* [Your goal] From the entries below, copy exactly the lines from the one that contains "unnamed: J22.2, U$17.1" through the one that contains "unnamed: C14.1, S22.2 (I), U9.3", both included, and only those.

[Input — start]

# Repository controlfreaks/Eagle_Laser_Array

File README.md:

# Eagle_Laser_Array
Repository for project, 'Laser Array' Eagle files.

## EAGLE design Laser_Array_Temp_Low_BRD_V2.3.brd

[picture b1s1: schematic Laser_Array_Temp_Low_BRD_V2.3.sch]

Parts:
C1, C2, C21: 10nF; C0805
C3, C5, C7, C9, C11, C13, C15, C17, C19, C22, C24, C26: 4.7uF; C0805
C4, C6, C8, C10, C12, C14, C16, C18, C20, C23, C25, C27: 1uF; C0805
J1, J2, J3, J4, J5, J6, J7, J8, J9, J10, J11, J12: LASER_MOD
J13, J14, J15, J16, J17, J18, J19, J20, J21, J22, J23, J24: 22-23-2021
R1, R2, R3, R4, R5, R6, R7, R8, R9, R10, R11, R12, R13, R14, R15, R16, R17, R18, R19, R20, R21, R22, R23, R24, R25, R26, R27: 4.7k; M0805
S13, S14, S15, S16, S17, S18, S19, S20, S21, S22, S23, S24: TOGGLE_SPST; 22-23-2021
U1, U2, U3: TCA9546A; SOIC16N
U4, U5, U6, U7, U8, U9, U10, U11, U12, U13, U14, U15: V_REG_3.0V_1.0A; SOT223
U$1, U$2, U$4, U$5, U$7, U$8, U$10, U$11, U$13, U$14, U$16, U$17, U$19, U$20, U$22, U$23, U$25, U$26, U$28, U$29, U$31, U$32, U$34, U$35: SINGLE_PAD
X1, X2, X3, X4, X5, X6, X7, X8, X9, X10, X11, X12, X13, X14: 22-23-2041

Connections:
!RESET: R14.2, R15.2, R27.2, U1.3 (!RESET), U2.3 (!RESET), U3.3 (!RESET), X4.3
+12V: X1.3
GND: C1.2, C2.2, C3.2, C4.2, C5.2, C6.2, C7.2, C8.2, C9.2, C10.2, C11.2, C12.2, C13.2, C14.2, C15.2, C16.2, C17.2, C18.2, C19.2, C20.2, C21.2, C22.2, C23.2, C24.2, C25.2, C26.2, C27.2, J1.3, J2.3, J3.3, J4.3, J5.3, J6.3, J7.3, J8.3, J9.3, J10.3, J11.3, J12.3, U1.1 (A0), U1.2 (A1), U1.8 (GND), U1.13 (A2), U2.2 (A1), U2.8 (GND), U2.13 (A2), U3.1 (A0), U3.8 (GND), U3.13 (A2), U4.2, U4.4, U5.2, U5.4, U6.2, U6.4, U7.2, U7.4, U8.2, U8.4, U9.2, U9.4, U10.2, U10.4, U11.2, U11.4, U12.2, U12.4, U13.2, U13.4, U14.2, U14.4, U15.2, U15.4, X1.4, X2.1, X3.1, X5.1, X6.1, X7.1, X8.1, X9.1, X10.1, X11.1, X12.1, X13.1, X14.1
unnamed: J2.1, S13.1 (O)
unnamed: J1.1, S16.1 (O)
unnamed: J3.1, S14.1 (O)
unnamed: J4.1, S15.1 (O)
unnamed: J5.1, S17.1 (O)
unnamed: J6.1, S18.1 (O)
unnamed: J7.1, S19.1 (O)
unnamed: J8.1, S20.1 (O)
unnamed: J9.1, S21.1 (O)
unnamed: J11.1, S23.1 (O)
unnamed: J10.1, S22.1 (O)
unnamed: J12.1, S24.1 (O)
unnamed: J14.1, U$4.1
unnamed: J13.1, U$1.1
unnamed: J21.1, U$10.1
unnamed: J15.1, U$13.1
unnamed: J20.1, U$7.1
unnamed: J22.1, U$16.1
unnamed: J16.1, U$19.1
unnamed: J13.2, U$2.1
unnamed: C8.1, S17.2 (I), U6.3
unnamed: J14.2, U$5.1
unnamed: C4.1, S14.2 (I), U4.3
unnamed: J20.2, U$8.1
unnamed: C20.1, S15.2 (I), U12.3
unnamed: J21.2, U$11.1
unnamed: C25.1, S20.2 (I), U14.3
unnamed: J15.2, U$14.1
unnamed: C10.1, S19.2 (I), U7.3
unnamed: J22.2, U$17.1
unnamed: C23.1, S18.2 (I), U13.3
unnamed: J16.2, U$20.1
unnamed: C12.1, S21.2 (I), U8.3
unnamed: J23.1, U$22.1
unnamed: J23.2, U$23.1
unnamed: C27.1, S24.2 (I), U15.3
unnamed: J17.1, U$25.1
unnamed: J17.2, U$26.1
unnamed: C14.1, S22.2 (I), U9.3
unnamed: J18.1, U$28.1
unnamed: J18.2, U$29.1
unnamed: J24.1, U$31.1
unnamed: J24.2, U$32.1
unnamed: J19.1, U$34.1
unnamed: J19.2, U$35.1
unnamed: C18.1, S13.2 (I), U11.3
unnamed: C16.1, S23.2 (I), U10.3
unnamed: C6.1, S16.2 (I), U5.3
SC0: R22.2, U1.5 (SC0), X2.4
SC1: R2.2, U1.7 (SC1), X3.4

[Input — finish]

* [Answer]
unnamed: J22.2, U$17.1
unnamed: C23.1, S18.2 (I), U13.3
unnamed: J16.2, U$20.1
unnamed: C12.1, S21.2 (I), U8.3
unnamed: J23.1, U$22.1
unnamed: J23.2, U$23.1
unnamed: C27.1, S24.2 (I), U15.3
unnamed: J17.1, U$25.1
unnamed: J17.2, U$26.1
unnamed: C14.1, S22.2 (I), U9.3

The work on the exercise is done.